Timing the Common Core

American Federation of Teachers President Randi Weingarten made a big announcement this week by calling for a moratorium on all stakes associated with the Common Core State Standards until students and teachers have been given ample training and time to “master this new approach to teaching and learning.” This is a reasonable statement on its face, but what does it mean in practice?

For some context, when No Child Left Behind required every state to adopt standards, create assessments aligned to those assessments, and build an accountability and reporting system, it gave states 44 months to do all of those things (from January 2002 to September 2005). Half the states already had standards and testing systems up and running, but many were starting basically from scratch, and the rest needed to make revisions. For comparison, the Common Core standards are new and more rigorous than existing standards, but they’re only one component of the full accountability apparatus, and all the states that have adopted the standards are relying on either one of the two assessment consortia or ACT to create assessments for them.

The Common Core standards were released in final form in June 2010. It is now almost May 2013, so states, districts, teachers, preparation programs, parents, unions, and students have had about 35 months with the final standards. The new standards won’t actually have consequences for schools and teachers in most states until 2014-15. If we assume the school year starts in September 2014, that will have been 51 months since the standards were adopted. Again, NCLB left 44 months to do everything; the Common Core allows 51 months to implement standards alone. If this isn’t enough time, what would be?

Weingarten also said that the federal government has not provided funds “specifically targeted to prepare teachers” for the Common Core. This is really just a sly way of saying Congress hasn’t dedicated a specific funding stream to support the implementation of the Common Core. Meanwhile, it provides $2.5 billion to support professional development that can be used to “improve the knowledge of teachers and principals and, in appropriate cases, paraprofessionals, concerning effective instructional strategies, methods, and skills, and use of challenging State academic content standards and student academic achievement standards, and State assessments, to improve teaching practices and student academic achievement.” In other words, Congress has provided, and continues to provide, districts with money to support the implementation of state standards such as the Common Core.

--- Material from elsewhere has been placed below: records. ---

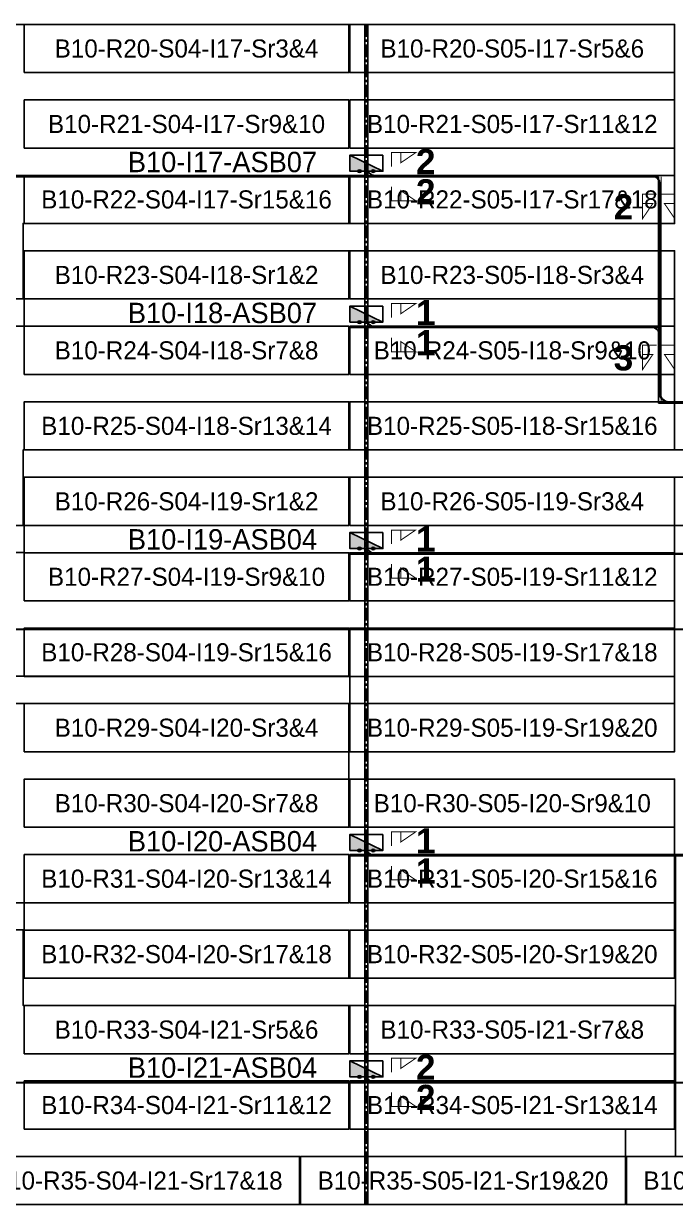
# Model space of a CAD drawing. Header units: metres. Extents: x 529385 to 529746, y 2675127 to 2675477.
# Drawn here: x 529486.7 to 529551.5, y 2675209.2 to 2675326.7 of the extents above; entities that cross this region are included whole.
import ezdxf
from ezdxf.enums import TextEntityAlignment as Align

# ---------------------------------------------------------------- set-up
doc = ezdxf.new("R2010")
doc.units = ezdxf.units.M
doc.linetypes.add('CENTER', pattern=[2, 1.25, -0.25, 0.25, -0.25])
for name, color, linetype in [('DC Trench BL-10', 40, 'Continuous'), ('E-Inverter Grouping', 2, 'Continuous'), ('Inverter Block-10', 7, 'Continuous'), ('LT Cable(AG) INV to LT Panel BL-10', 2, 'Continuous'), ('Messenger Wire Block-10 (Master Path)', 30, 'Continuous'), ('Messenger Wire Block-10 (MW Path)', 191, 'Continuous'), ('MMS Table Block-10', 8, 'Continuous'), ('Plan Line - DC BL-10', 40, 'Continuous'), ('Section Marking BL-10', 2, 'Continuous')]:
    doc.layers.add(name, color=color, linetype=linetype)
doc.layers.add('PILE', color=1, linetype='Continuous', lineweight=15)
doc.styles.add('BoldTextStyle', font='arialbd.ttf')
doc.styles.get("Standard").update_dxf_attribs({"font": 'Adani Regular.ttf'})

# ---------------------------------------------------------------- blocks, each defined once
blk = doc.blocks.new('MMS Table (32.292 x 4.788)')
at = {"color": 0}
blk.add_lwpolyline([(0, -0.002), (0, 4.786), (32.292, 4.786), (32.292, -0.002)], close=True, dxfattribs=at)
at = {"color": 7}
blk.add_attdef('ID1', text='', height=1.8, dxfattribs=at).set_placement((16.146, 2.392), align=Align.MIDDLE_CENTER)
blk = doc.blocks.new('Inverter Block')
h = blk.add_hatch(color=0)
h.dxf.hatch_style = 1
h.paths.add_polyline_path([(-1.46, 2.27), (-1.46, 0.85), (1.46, 0.85)])
at = {"color": 0}
blk.add_lwpolyline([(1.46, 2.27), (-1.46, 2.27), (-1.46, 0.85), (1.46, 0.85)], close=True, dxfattribs=at)
blk.add_lwpolyline([(-1.46, 2.27), (1.46, 0.85)], dxfattribs=at)
at = {"layer": 'PILE'}
for centre in [(-0.61, 0.85), (0.61, 0.85)]:
    blk.add_circle(centre, 0.156, dxfattribs=at)
at = {"color": 7}
blk.add_attdef('ID', (-1.46, 3.01), '', height=1.8, dxfattribs=at)

msp = doc.modelspace()

# ---------------------------------------------------------------- linework, layer by layer
at = {"layer": 'DC Trench BL-10', "color": 40, "const_width": 0.15}
msp.add_lwpolyline([(529520.94, 2675326.58), (529520.64, 2675326.58), (529520.64, 2675209.29), (529520.94, 2675209.29)], close=True, dxfattribs=at)
at = {"layer": 'E-Inverter Grouping', "color": 3}
for points in [[(529551.44, 2675306.79), (529486.66, 2675306.79), (529486.66, 2675299.29), (529454.36, 2675299.29), (529454.36, 2675326.58), (529551.44, 2675326.58)], [(529551.44, 2675289.08), (529583.83, 2675289.08), (529583.83, 2675284.29), (529486.66, 2675284.29), (529486.66, 2675276.79), (529454.36, 2675276.79), (529454.36, 2675296.58), (529486.76, 2675296.58), (529486.76, 2675304.08), (529551.44, 2675304.08)], [(529551.44, 2675276.79), (529551.44, 2675254.29), (529519.15, 2675254.29), (529519.15, 2675261.79), (529454.36, 2675261.79), (529454.36, 2675274.08), (529486.76, 2675274.08), (529486.76, 2675281.58), (529583.83, 2675281.58), (529583.83, 2675276.79)], [(529519.05, 2675251.58), (529551.44, 2675251.58), (529551.44, 2675231.79), (529486.76, 2675231.79), (529486.76, 2675239.29), (529454.36, 2675239.29), (529454.36, 2675259.08), (529519.05, 2675259.08)], [(529551.44, 2675216.79), (529546.54, 2675216.79), (529546.54, 2675209.29), (529449.46, 2675209.29), (529449.46, 2675214.08), (529454.36, 2675214.08), (529454.36, 2675236.58), (529486.66, 2675236.58), (529486.66, 2675229.08), (529551.44, 2675229.08)]]:
    msp.add_lwpolyline(points, close=True, dxfattribs=at)
at = {"layer": 'E-Inverter Grouping'}
msp.add_lwpolyline([(529616.22, 2675214.08), (529643.72, 2675214.08), (529643.72, 2675209.29), (529546.64, 2675209.29), (529546.64, 2675214.08), (529551.54, 2675214.08), (529551.54, 2675244.08), (529616.22, 2675244.08)], close=True, dxfattribs=at)
at = {"layer": 'LT Cable(AG) INV to LT Panel BL-10'}
for points in [[(529578.74, 2675310.49), (529574.26, 2675310.49, 0.039278), (529574.12, 2675310.48), (529572.32, 2675310.2, -0.039278), (529572.18, 2675310.19), (529565.57, 2675310.19, 0.414214), (529564.67, 2675309.29), (529564.67, 2675290.8, -0.039521), (529564.66, 2675290.66), (529564.47, 2675289.43, 0.039521), (529564.46, 2675289.29), (529564.46, 2675289.05), (529550.87, 2675289.05, -0.414214), (529549.97, 2675289.95), (529549.97, 2675310.65, 0.414214), (529549.07, 2675311.55), (529424.51, 2675311.55, -0.414214), (529423.61, 2675312.45), (529423.61, 2675312.69)], [(529578.74, 2675310.52), (529574.26, 2675310.52, 0.039278), (529574.11, 2675310.51), (529572.32, 2675310.22, -0.039278), (529572.18, 2675310.21), (529565.55, 2675310.21, 0.414214), (529564.65, 2675309.31), (529564.65, 2675290.8, -0.039521), (529564.64, 2675290.66), (529564.44, 2675289.44, 0.039521), (529564.43, 2675289.29), (529564.43, 2675289.07), (529550.89, 2675289.07, -0.414214), (529549.99, 2675289.97), (529549.99, 2675310.67, 0.414214), (529549.09, 2675311.57), (529521.69, 2675311.57, -0.414214), (529520.79, 2675312.47), (529520.79, 2675312.69)], [(529578.74, 2675310.47), (529574.26, 2675310.47, 0.039278), (529574.12, 2675310.46), (529572.32, 2675310.17, -0.039278), (529572.18, 2675310.16), (529565.6, 2675310.16, 0.414214), (529564.7, 2675309.26), (529564.7, 2675290.8, -0.039521), (529564.69, 2675290.65), (529564.49, 2675289.43, 0.039521), (529564.48, 2675289.29), (529564.48, 2675289.02), (529550.84, 2675289.02, -0.414214), (529549.94, 2675289.92), (529549.94, 2675295.62, 0.414214), (529549.04, 2675296.52), (529521.69, 2675296.52, -0.414214), (529520.79, 2675297.42), (529520.79, 2675297.69)], [(529579.62, 2675309.25), (529574.22, 2675309.25, -0.120349), (529573.81, 2675309.36), (529572.55, 2675310.01, 0.120349), (529572.13, 2675310.11), (529565.65, 2675310.11, 0.414214), (529564.75, 2675309.21), (529564.75, 2675290.79, -0.039521), (529564.74, 2675290.65), (529564.54, 2675289.43, 0.039521), (529564.53, 2675289.29), (529564.53, 2675267.37, -0.414214), (529563.63, 2675266.47), (529424.51, 2675266.47, -0.414214), (529423.61, 2675267.37), (529423.61, 2675267.69)], [(529577.68, 2675309.18), (529574.22, 2675309.18, -0.120349), (529573.81, 2675309.28), (529572.55, 2675309.94, 0.120349), (529572.13, 2675310.04), (529565.72, 2675310.04, 0.414214), (529564.82, 2675309.14), (529564.82, 2675290.79, -0.039521), (529564.81, 2675290.64), (529564.62, 2675289.42, 0.039521), (529564.61, 2675289.28), (529564.61, 2675222.3, -0.414214), (529563.71, 2675221.4), (529424.51, 2675221.4, -0.414214), (529423.61, 2675222.3), (529423.61, 2675222.69)], [(529579.62, 2675309.28), (529574.22, 2675309.28, -0.120349), (529573.81, 2675309.38), (529572.55, 2675310.04, 0.120349), (529572.13, 2675310.14), (529565.62, 2675310.14, 0.414214), (529564.72, 2675309.24), (529564.72, 2675290.79, -0.039521), (529564.71, 2675290.65), (529564.52, 2675289.43, 0.039521), (529564.51, 2675289.29), (529564.51, 2675274.9, -0.414214), (529563.61, 2675274), (529521.69, 2675274, -0.414214), (529520.79, 2675274.9), (529520.79, 2675275.19)], [(529579.62, 2675309.23), (529574.22, 2675309.23, -0.120349), (529573.81, 2675309.33), (529572.55, 2675309.99, 0.120349), (529572.13, 2675310.09), (529565.67, 2675310.09, 0.414214), (529564.77, 2675309.19), (529564.77, 2675290.79, -0.039521), (529564.76, 2675290.65), (529564.57, 2675289.43, 0.039521), (529564.56, 2675289.28), (529564.56, 2675244.85, -0.414214), (529563.66, 2675243.95), (529521.69, 2675243.95, -0.414214), (529520.79, 2675244.85), (529520.79, 2675245.19)], [(529579.62, 2675309.2), (529574.22, 2675309.2, -0.120349), (529573.81, 2675309.31), (529572.55, 2675309.96, 0.120349), (529572.13, 2675310.06), (529565.7, 2675310.06, 0.414214), (529564.8, 2675309.16), (529564.8, 2675290.79, -0.039521), (529564.79, 2675290.65), (529564.59, 2675289.42, 0.039521), (529564.58, 2675289.28), (529564.58, 2675222.32, -0.414214), (529563.68, 2675221.42), (529521.69, 2675221.42, -0.414214), (529520.79, 2675222.32), (529520.79, 2675222.69)]]:
    msp.add_lwpolyline(points, format="xyb", dxfattribs=at)
at = {"layer": 'Messenger Wire Block-10 (Master Path)'}
for points in [[(529421.97, 2675311.44), (529549.85, 2675311.44)], [(529549.85, 2675288.94), (529549.85, 2675311.44)], [(529519.15, 2675296.44), (529549.85, 2675296.44)], [(529549.85, 2675288.94), (529564.57, 2675288.94)], [(529519.15, 2675273.94), (529564.57, 2675273.94)], [(529421.97, 2675266.44), (529564.57, 2675266.44)], [(529519.15, 2675243.94), (529564.57, 2675243.94)], [(529421.97, 2675221.44), (529564.57, 2675221.44)]]:
    msp.add_lwpolyline(points, dxfattribs=at)
at = {"layer": 'Messenger Wire Block-10 (MW Path)', "const_width": 0.1}
for points in [[(529421.97, 2675311.44), (529549.85, 2675311.44)], [(529550.1, 2675288.94), (529550.1, 2675311.44)], [(529519.15, 2675296.44), (529549.85, 2675296.44)], [(529549.85, 2675288.94), (529564.57, 2675288.94)], [(529519.15, 2675273.94), (529564.57, 2675273.94)], [(529421.97, 2675266.44), (529564.57, 2675266.44)], [(529519.15, 2675243.94), (529564.57, 2675243.94)], [(529421.97, 2675221.44), (529564.57, 2675221.44)]]:
    msp.add_lwpolyline(points, dxfattribs=at)
at = {"layer": 'Plan Line - DC BL-10', "color": 6, "linetype": 'CENTER'}
msp.add_lwpolyline([(529520.79, 2675326.58), (529520.79, 2675209.29)], dxfattribs=at)
at = {"layer": 'Section Marking BL-10', "color": 94, "lineweight": 35, "true_color": 0x00a500, "const_width": 0.1}
for points in [[(529523.29, 2675312.44), (529523.29, 2675313.83), (529525.69, 2675313.83), (529524.21, 2675312.82), (529524.21, 2675313.83)], [(529523.29, 2675310.44), (529523.29, 2675309.05), (529525.69, 2675309.05), (529524.21, 2675310.06), (529524.21, 2675309.05)], [(529549.65, 2675309.69), (529548.26, 2675309.69), (529548.26, 2675307.29), (529549.27, 2675308.77), (529548.26, 2675308.77)], [(529550.05, 2675309.69), (529551.44, 2675309.69), (529551.44, 2675307.29), (529550.43, 2675308.77), (529551.44, 2675308.77)], [(529523.29, 2675297.44), (529523.29, 2675298.83), (529525.69, 2675298.83), (529524.21, 2675297.82), (529524.21, 2675298.83)], [(529523.29, 2675295.44), (529523.29, 2675294.05), (529525.69, 2675294.05), (529524.21, 2675295.06), (529524.21, 2675294.05)], [(529549.65, 2675294.69), (529548.26, 2675294.69), (529548.26, 2675292.29), (529549.27, 2675293.77), (529548.26, 2675293.77)], [(529550.05, 2675294.69), (529551.44, 2675294.69), (529551.44, 2675292.29), (529550.43, 2675293.77), (529551.44, 2675293.77)], [(529523.29, 2675274.94), (529523.29, 2675276.33), (529525.69, 2675276.33), (529524.21, 2675275.32), (529524.21, 2675276.33)], [(529523.29, 2675272.94), (529523.29, 2675271.55), (529525.69, 2675271.55), (529524.21, 2675272.56), (529524.21, 2675271.55)], [(529523.29, 2675244.94), (529523.29, 2675246.33), (529525.69, 2675246.33), (529524.21, 2675245.32), (529524.21, 2675246.33)], [(529523.29, 2675242.94), (529523.29, 2675241.55), (529525.69, 2675241.55), (529524.21, 2675242.56), (529524.21, 2675241.55)], [(529523.29, 2675222.44), (529523.29, 2675223.83), (529525.69, 2675223.83), (529524.21, 2675222.82), (529524.21, 2675223.83)], [(529523.29, 2675220.44), (529523.29, 2675219.05), (529525.69, 2675219.05), (529524.21, 2675220.06), (529524.21, 2675219.05)]]:
    msp.add_lwpolyline(points, dxfattribs=at)

# ---------------------------------------------------------------- block references
at = {"layer": 'Inverter Block-10'}
ref = msp.add_blockref('Inverter Block', (529520.79, 2675311.03), dxfattribs=dict(at, xscale=1.124999999976148, yscale=1.124999999976148, zscale=1.124999999976148))
ref.add_attrib('ID', 'B10-I17-ASB07', (529497.07, 2675311.89), dxfattribs={"layer": '0', "color": 7, "height": 2.025})
ref = msp.add_blockref('Inverter Block', (529520.79, 2675296.03), dxfattribs=dict(at, xscale=1.124999999976148, yscale=1.124999999976148, zscale=1.124999999976148))
ref.add_attrib('ID', 'B10-I18-ASB07', (529497.07, 2675296.89), dxfattribs={"layer": '0', "color": 7, "height": 2.025})
ref = msp.add_blockref('Inverter Block', (529520.79, 2675273.53), dxfattribs=dict(at, xscale=1.124999999976148, yscale=1.124999999976148, zscale=1.124999999976148))
ref.add_attrib('ID', 'B10-I19-ASB04', (529497.07, 2675274.39), dxfattribs={"layer": '0', "color": 7, "height": 2.025})
ref = msp.add_blockref('Inverter Block', (529520.79, 2675243.53), dxfattribs=dict(at, xscale=1.124999999976148, yscale=1.124999999976148, zscale=1.124999999976148))
ref.add_attrib('ID', 'B10-I20-ASB04', (529497.07, 2675244.39), dxfattribs={"layer": '0', "color": 7, "height": 2.025})
ref = msp.add_blockref('Inverter Block', (529520.79, 2675221.03), dxfattribs=dict(at, xscale=1.124999999976148, yscale=1.124999999976148, zscale=1.124999999976148))
ref.add_attrib('ID', 'B10-I21-ASB04', (529497.07, 2675221.89), dxfattribs={"layer": '0', "color": 7, "height": 2.025})
at = {"layer": 'MMS Table Block-10'}
for p, values in [((529486.76, 2675321.79), {'ID1': 'B10-R20-S04-I17-Sr3&4'}), ((529519.15, 2675321.79), {'ID1': 'B10-R20-S05-I17-Sr5&6'}), ((529486.76, 2675314.29), {'ID1': 'B10-R21-S04-I17-Sr9&10'}), ((529519.15, 2675314.29), {'ID1': 'B10-R21-S05-I17-Sr11&12'}), ((529486.76, 2675306.79), {'ID1': 'B10-R22-S04-I17-Sr15&16'}), ((529519.15, 2675306.79), {'ID1': 'B10-R22-S05-I17-Sr17&18'}), ((529486.76, 2675299.29), {'ID1': 'B10-R23-S04-I18-Sr1&2'}), ((529519.15, 2675299.29), {'ID1': 'B10-R23-S05-I18-Sr3&4'}), ((529486.76, 2675291.79), {'ID1': 'B10-R24-S04-I18-Sr7&8'}), ((529519.15, 2675291.79), {'ID1': 'B10-R24-S05-I18-Sr9&10'}), ((529486.76, 2675284.29), {'ID1': 'B10-R25-S04-I18-Sr13&14'}), ((529519.15, 2675284.29), {'ID1': 'B10-R25-S05-I18-Sr15&16'}), ((529486.76, 2675276.79), {'ID1': 'B10-R26-S04-I19-Sr1&2'}), ((529519.15, 2675276.79), {'ID1': 'B10-R26-S05-I19-Sr3&4'}), ((529486.76, 2675269.29), {'ID1': 'B10-R27-S04-I19-Sr9&10'}), ((529519.15, 2675269.29), {'ID1': 'B10-R27-S05-I19-Sr11&12'}), ((529486.76, 2675261.79), {'ID1': 'B10-R28-S04-I19-Sr15&16'}), ((529519.15, 2675261.79), {'ID1': 'B10-R28-S05-I19-Sr17&18'}), ((529486.76, 2675254.29), {'ID1': 'B10-R29-S04-I20-Sr3&4'}), ((529519.15, 2675254.29), {'ID1': 'B10-R29-S05-I19-Sr19&20'}), ((529486.76, 2675246.79), {'ID1': 'B10-R30-S04-I20-Sr7&8'}), ((529519.15, 2675246.79), {'ID1': 'B10-R30-S05-I20-Sr9&10'}), ((529486.76, 2675239.29), {'ID1': 'B10-R31-S04-I20-Sr13&14'}), ((529519.15, 2675239.29), {'ID1': 'B10-R31-S05-I20-Sr15&16'}), ((529486.76, 2675231.79), {'ID1': 'B10-R32-S04-I20-Sr17&18'}), ((529519.15, 2675231.79), {'ID1': 'B10-R32-S05-I20-Sr19&20'}), ((529486.76, 2675224.29), {'ID1': 'B10-R33-S04-I21-Sr5&6'}), ((529519.15, 2675224.29), {'ID1': 'B10-R33-S05-I21-Sr7&8'}), ((529486.76, 2675216.79), {'ID1': 'B10-R34-S04-I21-Sr11&12'}), ((529519.15, 2675216.79), {'ID1': 'B10-R34-S05-I21-Sr13&14'}), ((529481.86, 2675209.29), {'ID1': 'B10-R35-S04-I21-Sr17&18'}), ((529514.25, 2675209.29), {'ID1': 'B10-R35-S05-I21-Sr19&20'}), ((529546.64, 2675209.29), {'ID1': 'B10-R35-S06-I30-Sr17&18'})]:
    msp.add_blockref('MMS Table (32.292 x 4.788)', p, dxfattribs=at).add_auto_attribs(values)

# ---------------------------------------------------------------- texts
at = {"layer": 'Section Marking BL-10', "color": 94, "true_color": 0x00a500, "style": 'BoldTextStyle'}
for s, p in [('2', (529526.69, 2675312.94)), ('2', (529526.69, 2675309.94)), ('2', (529546.35, 2675308.44)), ('1', (529526.69, 2675297.94)), ('1', (529526.69, 2675294.94)), ('3', (529546.35, 2675293.44)), ('1', (529526.69, 2675275.44)), ('1', (529526.69, 2675272.44)), ('1', (529526.69, 2675245.44)), ('1', (529526.69, 2675242.44)), ('2', (529526.69, 2675222.94)), ('2', (529526.69, 2675219.94))]:
    msp.add_text(s, height=2.5, dxfattribs=at).set_placement(p, align=Align.MIDDLE_CENTER)

doc.saveas('drawing.dxf')

None of this mentions the work of the AFT, National Education Association, national foundations, teacher preparation institutions, assessment consortia (Smarter Balanced and PARCC), or other groups with a stake in the successful implementation of the Common Core. The next time you read a proposal about halting the Common Core, keep in mind all the time and money that’s already been spent.

—Chad Aldeman

Chad Aldeman is a senior policy analyst at Bellwether Education Partners.